● TASK ITEM
In the data below, find the line that contains "Part Number: MTSRR10" and the line that contains "Author: Cadenas PARTsolutions". Copy both, plus every line between them, exactly.

Records drawn from a dataset
- Opening Delimiter -

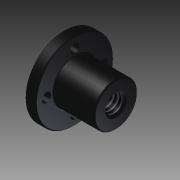
# Autodesk Inventor part: MTSRR10
Saved by Autodesk Inventor 2015 SP1 (Build 190203100, 203)
## iProperties
Category: PARTsolutions
Company: MISUMI
Created: 2015-02-02
Part Number: MTSRR10
Catalog Web Link: http://us.misumi-ec.com/vona2/detail/110300081660
Description: MTSRR-Nuts for 30 Degree Trapezoidal Screw Threads - High Load Flanged Resin Type - Round Flanged Type
Vendor: MISUMI
Document SubType Name: Modeling
Designer: PARTuser1
Manufacturer: MISUMI
Mass: 9.50204 g
Surface Area: 43.2585 cm^2
Volume: 9.50204 cm^3
Density: 1 g/cm^3
Material: Generic
Appearance: PSOLRGB-0-0-0
PSOL_IDENT_0: {\\10.0.0.236\data_v8\23d-libs\misumi\metric\10_lead_screws\mtsrr.prj},155 {VTYP=3D},{NB=MTSRR10},{L
PSOL_IDENT_1: INA=MTSRR10},{NN=MTSRR},{DATE=25.11.2014 11:59:53},{GEOMDATE=25.11.2014 00:00:00},{VERSION=},{LINEID=
PSOL_IDENT_2: 10},{LINESUBID=-1},{WBVAR=}  {NB=MTSRR10},{LINA=MTSRR10},{KT=DUMMY},{PN=MTSRR10},{MAT=PPS Resin with
PSOL_IDENT_3: Sliding Property (PTFE + GF30percent)},{OT=-45~200},{DD=10},{P=2},{D=20},{L1=24},{D1=36},{T=5},{PCD=
PSOL_IDENT_4: 26},{K=4.3},{ADT=278},{MASS=19}
SUPPLIER: MISUMI
ARTICLENO: MTSRR10
BOMINFO: MTSRR10
CREATOR: CADENAS GmbH
Title: MTSRR10
Author: Cadenas PARTsolutions
Comments: Nuts for 30 Degree Trapezoidal Screw Threads - High Load Flanged Resin Type - Round Flanged Type
Autodesk Inventor part; units mm, degrees
ref_plane "YZ Plane" through (0, 0, 0) normal (1, 0, 0) x (0, 1, 0)
ref_plane "XZ Plane" through (0, 0, 0) normal (0, 1, 0) x (-1, 0, 0)
ref_plane "XY Plane" through (0, 0, 0) normal (0, 0, 1) x (1, 0, 0)
sketch "Sketch_1" plane through (0, 0, 0) normal (0, 0, 1) x (1, 0, 0)
  line L0 (24, 0) -> (0, 0)
  line L1 (0, 0) -> (0, 17.5)
  line L2 (0, 17.5) -> (0.5, 18)
  line L3 (0.5, 18) -> (4.5, 18)
  line L4 (4.5, 18) -> (5, 17.5)
  line L5 (5, 17.5) -> (5, 10.5)
  arc A0 (5, 10.5) -> (5.5, 10) centre (5.5, 10.5) ccw
  line L6 (5.5, 10) -> (23.5, 10)
  line L7 (23.5, 10) -> (24, 9.5)
  line L8 (24, 9.5) -> (24, 0)
  line L9 (24, 0) -> (0, 0)
  constraints: 20 end point, 2 point on circle, 1 centre point
revolve "Revolution1" add sketch "Sketch_1" angle 360 about axis through (24, 0, 0) along (1, 0, 0)
sketch "Sketch_2" plane through (0, 0, 0) normal (0, 0, 1) x (1, 0, 0)
  line L0 (24, 0) -> (0, 0)
  line L1 (0, 0) -> (0, 5)
  line L2 (0, 5) -> (1, 4)
  line L3 (1, 4) -> (23, 4)
  line L4 (23, 4) -> (24, 5)
  line L5 (24, 5) -> (24, 0)
  line L6 (24, 0) -> (0, 0)
  constraints: 14 end point
revolve "Revolution2" cut sketch "Sketch_2" angle 360 about axis through (24, 0, 0) along (1, 0, 0)
thread "Thread1" size "TR10x2" class "7H" standard "ISO Metric Trapezoidal Threads" full length
sketch "Sketch_3" plane through (0, 0, 0) normal (0, 0, 1) x (1, 0, 0)
  line L0 (5, 13) -> (0, 13)
  line L1 (0, 13) -> (0, 15.15)
  line L2 (0, 15.15) -> (5, 15.15)
  line L3 (5, 15.15) -> (5, 13)
  line L4 (5, 13) -> (0, 13)
  constraints: 10 end point
revolve "Revolution3" cut sketch "Sketch_3" angle 360 about axis through (5, 13, 0) along (1, 0, 0)
pattern_linear "Rectangular Pattern1" count 2 spacing 18.3848 along (0, -0.7071, 0.7071) count 2 spacing 18.3848 along (0, -0.7071, -0.7071) of "Revolution3"
body "Solid1"

- Closing Delimiter -

● TASK OUTPUT
Part Number: MTSRR10
Catalog Web Link: http://us.misumi-ec.com/vona2/detail/110300081660
Description: MTSRR-Nuts for 30 Degree Trapezoidal Screw Threads - High Load Flanged Resin Type - Round Flanged Type
Vendor: MISUMI
Document SubType Name: Modeling
Designer: PARTuser1
Manufacturer: MISUMI
Mass: 9.50204 g
Surface Area: 43.2585 cm^2
Volume: 9.50204 cm^3
Density: 1 g/cm^3
Material: Generic
Appearance: PSOLRGB-0-0-0
PSOL_IDENT_0: {\\10.0.0.236\data_v8\23d-libs\misumi\metric\10_lead_screws\mtsrr.prj},155 {VTYP=3D},{NB=MTSRR10},{L
PSOL_IDENT_1: INA=MTSRR10},{NN=MTSRR},{DATE=25.11.2014 11:59:53},{GEOMDATE=25.11.2014 00:00:00},{VERSION=},{LINEID=
PSOL_IDENT_2: 10},{LINESUBID=-1},{WBVAR=}  {NB=MTSRR10},{LINA=MTSRR10},{KT=DUMMY},{PN=MTSRR10},{MAT=PPS Resin with
PSOL_IDENT_3: Sliding Property (PTFE + GF30percent)},{OT=-45~200},{DD=10},{P=2},{D=20},{L1=24},{D1=36},{T=5},{PCD=
PSOL_IDENT_4: 26},{K=4.3},{ADT=278},{MASS=19}
SUPPLIER: MISUMI
ARTICLENO: MTSRR10
BOMINFO: MTSRR10
CREATOR: CADENAS GmbH
Title: MTSRR10
Author: Cadenas PARTsolutions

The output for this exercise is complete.